→ Problem to work on
Please return every line below that contains the string "diameter".

Data entries:
^^^^

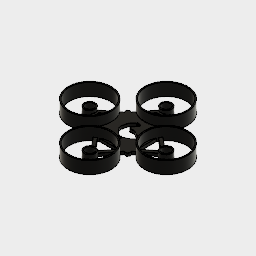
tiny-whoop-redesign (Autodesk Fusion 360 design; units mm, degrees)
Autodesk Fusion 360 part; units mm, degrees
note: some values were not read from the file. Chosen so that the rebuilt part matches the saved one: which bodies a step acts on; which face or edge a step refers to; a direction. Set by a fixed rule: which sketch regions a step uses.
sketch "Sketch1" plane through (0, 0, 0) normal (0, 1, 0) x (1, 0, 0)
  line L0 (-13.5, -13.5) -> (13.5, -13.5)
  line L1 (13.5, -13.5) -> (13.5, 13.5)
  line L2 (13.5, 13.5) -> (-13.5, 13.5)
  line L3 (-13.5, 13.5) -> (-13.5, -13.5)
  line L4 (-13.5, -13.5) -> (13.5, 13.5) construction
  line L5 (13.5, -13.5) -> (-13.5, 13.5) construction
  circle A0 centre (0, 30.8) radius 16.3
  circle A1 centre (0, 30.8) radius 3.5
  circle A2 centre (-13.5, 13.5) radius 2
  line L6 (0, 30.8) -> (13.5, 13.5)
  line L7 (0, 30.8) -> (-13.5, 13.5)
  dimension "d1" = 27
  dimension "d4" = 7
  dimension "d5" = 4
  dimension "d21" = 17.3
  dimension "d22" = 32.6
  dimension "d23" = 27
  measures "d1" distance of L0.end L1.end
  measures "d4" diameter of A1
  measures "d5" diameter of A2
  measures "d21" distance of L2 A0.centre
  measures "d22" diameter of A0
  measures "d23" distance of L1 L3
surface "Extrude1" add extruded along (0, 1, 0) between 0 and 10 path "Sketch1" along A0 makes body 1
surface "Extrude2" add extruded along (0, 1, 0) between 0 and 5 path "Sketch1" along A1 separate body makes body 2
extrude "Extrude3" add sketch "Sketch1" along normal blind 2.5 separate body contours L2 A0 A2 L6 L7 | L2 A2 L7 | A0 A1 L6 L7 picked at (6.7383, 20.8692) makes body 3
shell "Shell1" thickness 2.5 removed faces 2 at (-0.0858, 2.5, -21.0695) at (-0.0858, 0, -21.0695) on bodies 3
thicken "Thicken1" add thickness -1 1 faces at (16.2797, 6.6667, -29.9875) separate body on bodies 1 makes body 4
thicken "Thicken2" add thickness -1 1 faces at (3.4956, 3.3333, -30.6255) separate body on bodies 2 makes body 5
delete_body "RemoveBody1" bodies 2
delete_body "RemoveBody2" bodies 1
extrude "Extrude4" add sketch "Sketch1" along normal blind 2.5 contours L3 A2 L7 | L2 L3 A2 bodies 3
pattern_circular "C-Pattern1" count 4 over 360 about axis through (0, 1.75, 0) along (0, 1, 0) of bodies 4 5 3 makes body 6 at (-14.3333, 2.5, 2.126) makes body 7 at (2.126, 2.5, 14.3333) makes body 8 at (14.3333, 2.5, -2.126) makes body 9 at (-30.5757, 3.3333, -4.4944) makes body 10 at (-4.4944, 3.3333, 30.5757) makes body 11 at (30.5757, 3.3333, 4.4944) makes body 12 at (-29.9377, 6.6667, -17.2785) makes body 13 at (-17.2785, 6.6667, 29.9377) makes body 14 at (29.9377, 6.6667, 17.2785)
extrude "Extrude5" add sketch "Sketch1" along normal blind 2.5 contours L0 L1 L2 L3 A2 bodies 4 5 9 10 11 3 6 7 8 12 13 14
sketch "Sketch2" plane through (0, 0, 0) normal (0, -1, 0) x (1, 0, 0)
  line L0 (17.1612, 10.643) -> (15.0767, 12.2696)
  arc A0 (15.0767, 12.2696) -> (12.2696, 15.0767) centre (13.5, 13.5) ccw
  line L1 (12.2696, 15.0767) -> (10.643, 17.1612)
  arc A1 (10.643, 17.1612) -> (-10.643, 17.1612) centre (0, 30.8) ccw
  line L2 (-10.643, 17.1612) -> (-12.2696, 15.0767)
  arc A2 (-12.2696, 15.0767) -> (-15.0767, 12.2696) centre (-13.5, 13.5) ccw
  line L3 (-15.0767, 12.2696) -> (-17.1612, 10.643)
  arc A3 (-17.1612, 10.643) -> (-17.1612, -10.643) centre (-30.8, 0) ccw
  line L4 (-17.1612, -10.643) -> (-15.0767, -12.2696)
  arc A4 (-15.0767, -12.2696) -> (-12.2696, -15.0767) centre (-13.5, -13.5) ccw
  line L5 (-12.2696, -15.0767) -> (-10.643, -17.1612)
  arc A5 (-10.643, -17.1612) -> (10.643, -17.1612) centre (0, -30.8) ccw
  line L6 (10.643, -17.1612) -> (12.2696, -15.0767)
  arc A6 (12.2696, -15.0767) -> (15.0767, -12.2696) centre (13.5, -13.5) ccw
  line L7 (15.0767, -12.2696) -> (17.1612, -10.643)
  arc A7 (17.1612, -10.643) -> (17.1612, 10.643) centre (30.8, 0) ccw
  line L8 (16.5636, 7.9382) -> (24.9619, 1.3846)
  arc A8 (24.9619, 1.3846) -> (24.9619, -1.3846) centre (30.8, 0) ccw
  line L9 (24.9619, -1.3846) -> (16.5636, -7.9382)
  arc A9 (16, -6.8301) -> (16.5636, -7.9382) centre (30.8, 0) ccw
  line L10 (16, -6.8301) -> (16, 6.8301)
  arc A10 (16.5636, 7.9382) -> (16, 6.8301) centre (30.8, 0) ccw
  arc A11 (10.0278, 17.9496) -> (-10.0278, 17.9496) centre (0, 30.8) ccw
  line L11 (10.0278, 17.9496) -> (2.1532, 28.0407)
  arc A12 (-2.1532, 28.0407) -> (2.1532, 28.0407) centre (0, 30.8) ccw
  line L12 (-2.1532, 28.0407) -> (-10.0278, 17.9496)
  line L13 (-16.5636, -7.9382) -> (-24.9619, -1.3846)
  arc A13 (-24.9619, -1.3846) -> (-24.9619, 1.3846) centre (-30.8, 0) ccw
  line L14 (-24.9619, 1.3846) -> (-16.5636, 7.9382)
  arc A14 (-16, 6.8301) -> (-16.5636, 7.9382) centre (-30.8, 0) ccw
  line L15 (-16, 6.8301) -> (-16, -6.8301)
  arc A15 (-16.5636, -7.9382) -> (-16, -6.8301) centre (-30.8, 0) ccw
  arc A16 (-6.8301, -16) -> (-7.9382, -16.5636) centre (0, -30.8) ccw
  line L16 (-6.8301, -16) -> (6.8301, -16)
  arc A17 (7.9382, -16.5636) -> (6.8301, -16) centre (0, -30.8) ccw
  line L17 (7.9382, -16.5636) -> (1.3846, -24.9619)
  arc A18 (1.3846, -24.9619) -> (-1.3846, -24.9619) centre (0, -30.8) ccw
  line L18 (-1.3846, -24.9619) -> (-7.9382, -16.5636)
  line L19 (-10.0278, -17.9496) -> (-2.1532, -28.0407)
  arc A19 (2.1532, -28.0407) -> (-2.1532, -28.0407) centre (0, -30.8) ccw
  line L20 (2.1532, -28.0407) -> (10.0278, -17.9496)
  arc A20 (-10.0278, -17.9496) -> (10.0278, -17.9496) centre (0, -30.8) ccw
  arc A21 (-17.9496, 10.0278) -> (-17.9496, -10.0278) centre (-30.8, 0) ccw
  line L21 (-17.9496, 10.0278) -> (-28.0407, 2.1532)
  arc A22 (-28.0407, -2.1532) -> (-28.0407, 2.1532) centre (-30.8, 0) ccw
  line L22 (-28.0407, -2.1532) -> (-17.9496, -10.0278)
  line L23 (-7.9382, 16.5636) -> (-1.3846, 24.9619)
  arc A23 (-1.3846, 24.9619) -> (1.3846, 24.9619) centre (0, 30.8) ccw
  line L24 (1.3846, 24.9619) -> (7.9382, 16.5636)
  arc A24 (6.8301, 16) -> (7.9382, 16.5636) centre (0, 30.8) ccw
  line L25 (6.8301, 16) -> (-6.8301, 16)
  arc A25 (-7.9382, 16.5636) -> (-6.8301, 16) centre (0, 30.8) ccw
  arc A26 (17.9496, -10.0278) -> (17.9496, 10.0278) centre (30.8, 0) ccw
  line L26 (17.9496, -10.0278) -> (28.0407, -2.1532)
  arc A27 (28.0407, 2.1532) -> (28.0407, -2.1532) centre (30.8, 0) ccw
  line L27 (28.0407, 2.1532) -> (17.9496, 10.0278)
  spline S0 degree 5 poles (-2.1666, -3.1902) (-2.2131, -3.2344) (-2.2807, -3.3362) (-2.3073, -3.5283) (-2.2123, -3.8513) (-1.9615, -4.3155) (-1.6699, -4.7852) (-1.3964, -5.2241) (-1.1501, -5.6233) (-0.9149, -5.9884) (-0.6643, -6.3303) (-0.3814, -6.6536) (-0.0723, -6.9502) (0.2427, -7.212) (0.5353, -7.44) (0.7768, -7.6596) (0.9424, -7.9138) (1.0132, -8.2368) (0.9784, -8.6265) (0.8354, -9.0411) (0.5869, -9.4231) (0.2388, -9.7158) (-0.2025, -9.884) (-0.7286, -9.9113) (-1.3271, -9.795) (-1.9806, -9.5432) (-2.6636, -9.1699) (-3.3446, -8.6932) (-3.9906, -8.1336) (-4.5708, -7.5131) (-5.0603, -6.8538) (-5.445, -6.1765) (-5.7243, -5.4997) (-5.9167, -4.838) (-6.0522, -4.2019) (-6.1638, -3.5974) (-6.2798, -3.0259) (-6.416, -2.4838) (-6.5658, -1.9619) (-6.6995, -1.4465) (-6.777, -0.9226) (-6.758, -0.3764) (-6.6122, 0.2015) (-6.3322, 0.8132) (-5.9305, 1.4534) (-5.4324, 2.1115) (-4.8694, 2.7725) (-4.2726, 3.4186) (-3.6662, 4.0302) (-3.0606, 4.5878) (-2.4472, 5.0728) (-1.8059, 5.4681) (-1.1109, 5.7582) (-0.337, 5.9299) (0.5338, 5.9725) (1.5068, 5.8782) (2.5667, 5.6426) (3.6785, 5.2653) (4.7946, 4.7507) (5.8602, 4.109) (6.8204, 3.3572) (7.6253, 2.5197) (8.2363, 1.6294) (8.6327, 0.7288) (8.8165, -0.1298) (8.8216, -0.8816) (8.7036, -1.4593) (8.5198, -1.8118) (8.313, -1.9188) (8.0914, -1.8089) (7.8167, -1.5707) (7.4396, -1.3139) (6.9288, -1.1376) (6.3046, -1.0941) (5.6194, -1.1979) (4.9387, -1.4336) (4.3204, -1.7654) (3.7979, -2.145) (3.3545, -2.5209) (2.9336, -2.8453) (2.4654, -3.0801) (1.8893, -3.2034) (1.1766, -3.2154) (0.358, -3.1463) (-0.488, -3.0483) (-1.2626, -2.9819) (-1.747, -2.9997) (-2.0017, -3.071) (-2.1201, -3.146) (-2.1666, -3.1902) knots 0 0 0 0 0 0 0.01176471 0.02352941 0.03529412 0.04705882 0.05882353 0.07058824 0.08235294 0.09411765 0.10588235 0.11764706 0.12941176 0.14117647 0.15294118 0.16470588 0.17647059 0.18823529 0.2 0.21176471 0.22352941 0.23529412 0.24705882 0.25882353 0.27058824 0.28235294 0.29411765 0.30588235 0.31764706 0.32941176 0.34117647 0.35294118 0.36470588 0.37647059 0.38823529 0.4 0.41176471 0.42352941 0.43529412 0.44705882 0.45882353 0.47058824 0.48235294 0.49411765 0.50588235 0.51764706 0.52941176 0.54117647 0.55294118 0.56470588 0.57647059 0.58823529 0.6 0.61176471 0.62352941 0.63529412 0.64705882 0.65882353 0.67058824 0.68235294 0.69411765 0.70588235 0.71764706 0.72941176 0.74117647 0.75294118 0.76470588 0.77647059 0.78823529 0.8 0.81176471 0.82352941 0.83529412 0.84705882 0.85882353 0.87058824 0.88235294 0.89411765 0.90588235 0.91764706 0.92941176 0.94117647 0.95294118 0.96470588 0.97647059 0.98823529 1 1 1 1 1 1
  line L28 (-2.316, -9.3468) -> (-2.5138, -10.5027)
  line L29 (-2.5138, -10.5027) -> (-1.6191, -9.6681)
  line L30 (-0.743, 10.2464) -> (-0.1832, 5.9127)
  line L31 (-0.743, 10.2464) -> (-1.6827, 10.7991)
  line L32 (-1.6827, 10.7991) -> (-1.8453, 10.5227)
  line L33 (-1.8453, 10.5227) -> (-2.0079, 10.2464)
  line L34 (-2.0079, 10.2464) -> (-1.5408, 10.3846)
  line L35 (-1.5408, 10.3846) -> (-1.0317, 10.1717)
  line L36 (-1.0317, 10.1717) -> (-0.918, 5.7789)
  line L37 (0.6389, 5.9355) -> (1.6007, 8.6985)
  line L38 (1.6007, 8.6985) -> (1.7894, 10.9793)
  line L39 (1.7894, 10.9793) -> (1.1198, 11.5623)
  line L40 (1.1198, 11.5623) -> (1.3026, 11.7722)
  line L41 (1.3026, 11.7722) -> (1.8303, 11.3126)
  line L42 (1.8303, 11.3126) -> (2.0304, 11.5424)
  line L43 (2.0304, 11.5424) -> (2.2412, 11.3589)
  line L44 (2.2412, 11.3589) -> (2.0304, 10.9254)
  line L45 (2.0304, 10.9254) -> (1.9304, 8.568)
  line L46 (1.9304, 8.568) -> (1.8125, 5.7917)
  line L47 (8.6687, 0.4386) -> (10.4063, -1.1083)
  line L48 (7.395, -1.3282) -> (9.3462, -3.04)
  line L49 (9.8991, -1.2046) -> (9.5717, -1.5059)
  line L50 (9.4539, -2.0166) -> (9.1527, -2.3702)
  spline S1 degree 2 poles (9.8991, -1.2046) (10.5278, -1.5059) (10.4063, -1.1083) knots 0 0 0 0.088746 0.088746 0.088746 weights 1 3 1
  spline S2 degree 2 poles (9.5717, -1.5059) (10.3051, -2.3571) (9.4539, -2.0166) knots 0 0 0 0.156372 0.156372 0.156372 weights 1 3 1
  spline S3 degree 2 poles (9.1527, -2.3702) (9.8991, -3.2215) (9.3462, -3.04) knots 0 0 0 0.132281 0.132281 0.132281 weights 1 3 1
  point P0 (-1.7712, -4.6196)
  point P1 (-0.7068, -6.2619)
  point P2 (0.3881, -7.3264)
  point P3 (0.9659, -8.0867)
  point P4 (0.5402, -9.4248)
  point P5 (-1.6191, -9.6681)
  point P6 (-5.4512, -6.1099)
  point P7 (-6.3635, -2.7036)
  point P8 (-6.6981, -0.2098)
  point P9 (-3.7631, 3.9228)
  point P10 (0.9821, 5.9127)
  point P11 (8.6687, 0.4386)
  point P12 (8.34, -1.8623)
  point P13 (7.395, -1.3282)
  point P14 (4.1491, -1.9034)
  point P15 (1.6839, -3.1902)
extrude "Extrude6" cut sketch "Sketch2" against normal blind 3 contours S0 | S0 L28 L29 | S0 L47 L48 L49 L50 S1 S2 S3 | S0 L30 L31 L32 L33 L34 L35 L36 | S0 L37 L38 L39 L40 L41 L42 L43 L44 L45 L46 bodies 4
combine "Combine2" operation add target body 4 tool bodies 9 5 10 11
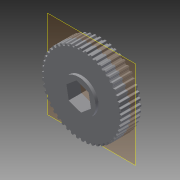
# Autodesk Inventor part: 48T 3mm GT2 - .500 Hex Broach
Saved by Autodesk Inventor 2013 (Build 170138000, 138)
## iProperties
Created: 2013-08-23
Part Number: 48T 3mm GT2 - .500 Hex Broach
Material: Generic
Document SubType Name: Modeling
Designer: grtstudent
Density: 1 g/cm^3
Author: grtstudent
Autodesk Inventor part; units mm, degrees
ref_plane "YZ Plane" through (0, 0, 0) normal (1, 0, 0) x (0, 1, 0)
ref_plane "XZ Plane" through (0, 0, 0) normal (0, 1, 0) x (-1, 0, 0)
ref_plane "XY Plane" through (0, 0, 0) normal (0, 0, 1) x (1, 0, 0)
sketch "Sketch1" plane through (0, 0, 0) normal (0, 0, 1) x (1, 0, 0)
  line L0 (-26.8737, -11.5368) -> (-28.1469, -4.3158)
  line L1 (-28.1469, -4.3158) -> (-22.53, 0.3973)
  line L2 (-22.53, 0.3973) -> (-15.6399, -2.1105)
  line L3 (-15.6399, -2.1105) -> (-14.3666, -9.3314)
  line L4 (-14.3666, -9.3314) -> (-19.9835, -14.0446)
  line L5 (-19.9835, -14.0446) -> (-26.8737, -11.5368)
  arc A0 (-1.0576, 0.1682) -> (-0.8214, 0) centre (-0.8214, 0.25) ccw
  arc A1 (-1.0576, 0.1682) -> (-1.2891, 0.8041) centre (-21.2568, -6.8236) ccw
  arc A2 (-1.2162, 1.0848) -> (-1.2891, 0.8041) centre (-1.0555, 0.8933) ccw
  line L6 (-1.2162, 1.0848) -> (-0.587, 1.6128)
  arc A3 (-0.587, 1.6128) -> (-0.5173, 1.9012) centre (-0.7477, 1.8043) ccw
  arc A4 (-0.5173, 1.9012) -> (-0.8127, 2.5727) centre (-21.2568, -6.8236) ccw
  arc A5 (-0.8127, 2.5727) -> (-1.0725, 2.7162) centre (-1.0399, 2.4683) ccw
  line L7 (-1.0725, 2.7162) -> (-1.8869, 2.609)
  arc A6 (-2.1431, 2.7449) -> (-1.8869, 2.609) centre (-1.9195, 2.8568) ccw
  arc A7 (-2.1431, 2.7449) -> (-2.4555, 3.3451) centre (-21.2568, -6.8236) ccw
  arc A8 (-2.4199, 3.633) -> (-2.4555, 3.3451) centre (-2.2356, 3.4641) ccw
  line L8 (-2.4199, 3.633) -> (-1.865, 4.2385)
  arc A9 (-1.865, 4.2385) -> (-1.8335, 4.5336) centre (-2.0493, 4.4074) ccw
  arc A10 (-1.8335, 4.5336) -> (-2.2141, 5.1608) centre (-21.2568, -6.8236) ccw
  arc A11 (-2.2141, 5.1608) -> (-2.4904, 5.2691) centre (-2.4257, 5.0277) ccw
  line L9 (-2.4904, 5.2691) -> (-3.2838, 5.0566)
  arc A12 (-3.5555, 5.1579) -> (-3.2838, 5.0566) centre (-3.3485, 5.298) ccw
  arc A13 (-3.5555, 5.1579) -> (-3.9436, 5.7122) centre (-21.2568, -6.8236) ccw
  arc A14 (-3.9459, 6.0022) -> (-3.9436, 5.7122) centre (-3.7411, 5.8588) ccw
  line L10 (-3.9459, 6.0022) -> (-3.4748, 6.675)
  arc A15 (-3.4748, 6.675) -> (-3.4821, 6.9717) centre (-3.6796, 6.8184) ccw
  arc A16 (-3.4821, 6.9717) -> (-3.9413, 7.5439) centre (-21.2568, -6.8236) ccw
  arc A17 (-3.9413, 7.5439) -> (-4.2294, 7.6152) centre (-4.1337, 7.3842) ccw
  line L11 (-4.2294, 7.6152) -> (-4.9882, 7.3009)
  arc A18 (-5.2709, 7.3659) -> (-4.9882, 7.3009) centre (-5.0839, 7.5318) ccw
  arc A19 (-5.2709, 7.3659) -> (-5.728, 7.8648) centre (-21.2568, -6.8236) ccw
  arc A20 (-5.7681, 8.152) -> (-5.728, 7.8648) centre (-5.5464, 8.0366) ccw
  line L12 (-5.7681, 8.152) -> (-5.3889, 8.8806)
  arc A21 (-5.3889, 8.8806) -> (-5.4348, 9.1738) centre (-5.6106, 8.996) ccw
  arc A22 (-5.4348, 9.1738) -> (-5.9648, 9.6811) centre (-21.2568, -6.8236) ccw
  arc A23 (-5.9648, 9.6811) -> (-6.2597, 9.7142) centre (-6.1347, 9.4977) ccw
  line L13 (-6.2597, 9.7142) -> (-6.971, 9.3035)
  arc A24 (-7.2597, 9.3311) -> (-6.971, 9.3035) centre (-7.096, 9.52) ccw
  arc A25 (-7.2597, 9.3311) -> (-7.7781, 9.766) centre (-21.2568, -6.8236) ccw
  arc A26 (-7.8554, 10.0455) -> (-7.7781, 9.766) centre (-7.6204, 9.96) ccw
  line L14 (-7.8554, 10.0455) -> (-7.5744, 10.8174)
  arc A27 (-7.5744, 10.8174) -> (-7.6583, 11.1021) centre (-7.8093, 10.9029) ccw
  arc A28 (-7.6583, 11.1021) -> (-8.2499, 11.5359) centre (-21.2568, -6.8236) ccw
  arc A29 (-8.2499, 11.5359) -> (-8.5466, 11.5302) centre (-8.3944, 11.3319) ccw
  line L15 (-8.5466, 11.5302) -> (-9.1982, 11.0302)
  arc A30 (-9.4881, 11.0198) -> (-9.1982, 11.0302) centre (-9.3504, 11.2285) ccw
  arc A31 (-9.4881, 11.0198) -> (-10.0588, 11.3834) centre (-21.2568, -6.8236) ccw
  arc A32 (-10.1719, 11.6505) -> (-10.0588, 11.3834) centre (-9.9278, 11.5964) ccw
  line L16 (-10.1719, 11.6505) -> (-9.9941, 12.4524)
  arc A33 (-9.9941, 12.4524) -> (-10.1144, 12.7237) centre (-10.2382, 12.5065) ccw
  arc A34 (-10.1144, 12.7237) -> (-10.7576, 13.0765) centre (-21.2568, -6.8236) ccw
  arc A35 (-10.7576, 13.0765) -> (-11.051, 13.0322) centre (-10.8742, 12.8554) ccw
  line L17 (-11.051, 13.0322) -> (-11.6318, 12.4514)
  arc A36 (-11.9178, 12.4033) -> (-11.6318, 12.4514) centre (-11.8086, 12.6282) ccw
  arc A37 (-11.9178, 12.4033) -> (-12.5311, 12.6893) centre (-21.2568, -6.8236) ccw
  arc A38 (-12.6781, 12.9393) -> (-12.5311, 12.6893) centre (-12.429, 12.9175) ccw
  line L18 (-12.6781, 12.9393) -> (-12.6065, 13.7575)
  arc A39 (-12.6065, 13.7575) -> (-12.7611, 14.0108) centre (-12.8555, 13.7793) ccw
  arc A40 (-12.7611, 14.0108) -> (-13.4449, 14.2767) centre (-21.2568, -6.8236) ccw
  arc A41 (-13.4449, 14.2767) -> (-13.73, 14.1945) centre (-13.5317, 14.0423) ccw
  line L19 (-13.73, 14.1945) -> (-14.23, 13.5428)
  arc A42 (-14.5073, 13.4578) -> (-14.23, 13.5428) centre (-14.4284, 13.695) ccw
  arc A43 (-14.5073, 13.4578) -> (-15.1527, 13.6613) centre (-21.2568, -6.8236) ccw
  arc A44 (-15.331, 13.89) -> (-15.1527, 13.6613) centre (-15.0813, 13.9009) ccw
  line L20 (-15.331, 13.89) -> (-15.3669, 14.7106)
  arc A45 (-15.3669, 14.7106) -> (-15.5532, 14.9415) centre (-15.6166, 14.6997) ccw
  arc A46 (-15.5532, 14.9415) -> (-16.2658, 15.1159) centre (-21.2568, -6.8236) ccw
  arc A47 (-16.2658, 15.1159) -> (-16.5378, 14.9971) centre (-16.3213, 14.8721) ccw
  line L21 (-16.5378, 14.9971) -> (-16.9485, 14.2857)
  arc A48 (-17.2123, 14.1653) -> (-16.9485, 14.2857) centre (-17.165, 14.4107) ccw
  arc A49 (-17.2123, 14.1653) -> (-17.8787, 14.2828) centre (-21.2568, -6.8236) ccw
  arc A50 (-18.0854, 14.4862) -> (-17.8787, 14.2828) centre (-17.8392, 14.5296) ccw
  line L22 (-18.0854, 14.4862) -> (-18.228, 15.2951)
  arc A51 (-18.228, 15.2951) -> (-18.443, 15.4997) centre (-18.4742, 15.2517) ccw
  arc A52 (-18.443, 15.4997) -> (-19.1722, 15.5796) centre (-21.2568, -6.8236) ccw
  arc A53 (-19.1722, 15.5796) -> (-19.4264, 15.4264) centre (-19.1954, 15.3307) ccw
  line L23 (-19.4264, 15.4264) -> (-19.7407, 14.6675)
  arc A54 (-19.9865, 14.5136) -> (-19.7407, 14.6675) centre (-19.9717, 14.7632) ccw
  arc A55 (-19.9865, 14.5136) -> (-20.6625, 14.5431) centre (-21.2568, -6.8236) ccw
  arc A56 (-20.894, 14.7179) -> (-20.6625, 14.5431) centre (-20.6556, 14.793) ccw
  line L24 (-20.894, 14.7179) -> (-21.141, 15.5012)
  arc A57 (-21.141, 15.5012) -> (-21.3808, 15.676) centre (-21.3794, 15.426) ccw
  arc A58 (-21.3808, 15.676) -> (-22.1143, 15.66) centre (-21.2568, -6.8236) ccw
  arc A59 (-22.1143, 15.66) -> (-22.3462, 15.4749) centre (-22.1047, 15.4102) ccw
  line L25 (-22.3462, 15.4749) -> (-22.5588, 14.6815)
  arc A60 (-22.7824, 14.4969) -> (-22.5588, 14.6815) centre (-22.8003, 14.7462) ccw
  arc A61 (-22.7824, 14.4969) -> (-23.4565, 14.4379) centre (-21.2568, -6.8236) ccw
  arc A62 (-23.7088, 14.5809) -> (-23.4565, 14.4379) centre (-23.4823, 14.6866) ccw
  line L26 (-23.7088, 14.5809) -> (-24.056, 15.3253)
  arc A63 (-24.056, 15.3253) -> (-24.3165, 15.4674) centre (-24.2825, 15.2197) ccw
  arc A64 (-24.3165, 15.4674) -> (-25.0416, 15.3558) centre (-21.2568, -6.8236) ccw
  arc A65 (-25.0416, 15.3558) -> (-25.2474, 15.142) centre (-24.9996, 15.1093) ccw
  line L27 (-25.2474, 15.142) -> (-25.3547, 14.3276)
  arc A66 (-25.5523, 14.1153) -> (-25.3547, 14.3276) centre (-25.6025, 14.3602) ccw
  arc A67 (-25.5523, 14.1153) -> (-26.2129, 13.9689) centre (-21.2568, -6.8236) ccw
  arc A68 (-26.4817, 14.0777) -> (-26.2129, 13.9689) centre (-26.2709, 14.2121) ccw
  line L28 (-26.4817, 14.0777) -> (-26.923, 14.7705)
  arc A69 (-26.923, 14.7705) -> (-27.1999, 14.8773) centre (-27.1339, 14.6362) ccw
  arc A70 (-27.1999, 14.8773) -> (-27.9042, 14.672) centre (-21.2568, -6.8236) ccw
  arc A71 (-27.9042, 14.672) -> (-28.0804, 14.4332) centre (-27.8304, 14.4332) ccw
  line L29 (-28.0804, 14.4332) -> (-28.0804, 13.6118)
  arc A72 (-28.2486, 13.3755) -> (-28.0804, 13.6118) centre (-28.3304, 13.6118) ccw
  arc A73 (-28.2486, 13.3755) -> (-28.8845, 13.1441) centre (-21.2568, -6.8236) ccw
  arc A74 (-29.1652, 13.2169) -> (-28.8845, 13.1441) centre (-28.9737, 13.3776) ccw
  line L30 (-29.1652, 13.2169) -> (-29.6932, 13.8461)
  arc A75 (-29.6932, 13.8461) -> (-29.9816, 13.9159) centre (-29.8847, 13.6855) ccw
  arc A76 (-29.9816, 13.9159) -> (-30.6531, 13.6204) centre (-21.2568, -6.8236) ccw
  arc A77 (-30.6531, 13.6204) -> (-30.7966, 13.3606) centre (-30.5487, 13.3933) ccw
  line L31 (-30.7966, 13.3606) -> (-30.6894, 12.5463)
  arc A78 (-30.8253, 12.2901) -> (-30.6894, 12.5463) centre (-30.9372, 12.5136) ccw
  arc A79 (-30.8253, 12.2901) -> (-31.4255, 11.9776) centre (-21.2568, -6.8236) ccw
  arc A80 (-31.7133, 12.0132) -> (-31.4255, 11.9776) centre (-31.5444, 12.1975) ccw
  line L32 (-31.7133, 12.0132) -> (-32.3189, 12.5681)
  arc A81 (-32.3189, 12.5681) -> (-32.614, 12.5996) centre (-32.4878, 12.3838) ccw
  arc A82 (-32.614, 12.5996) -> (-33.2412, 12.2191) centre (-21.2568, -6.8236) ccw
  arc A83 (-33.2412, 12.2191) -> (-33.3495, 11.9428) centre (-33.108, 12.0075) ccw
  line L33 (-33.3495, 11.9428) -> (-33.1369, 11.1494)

^^^^

→ Written answer
  measures "d4" diameter of A1
  measures "d5" diameter of A2
  measures "d22" diameter of A0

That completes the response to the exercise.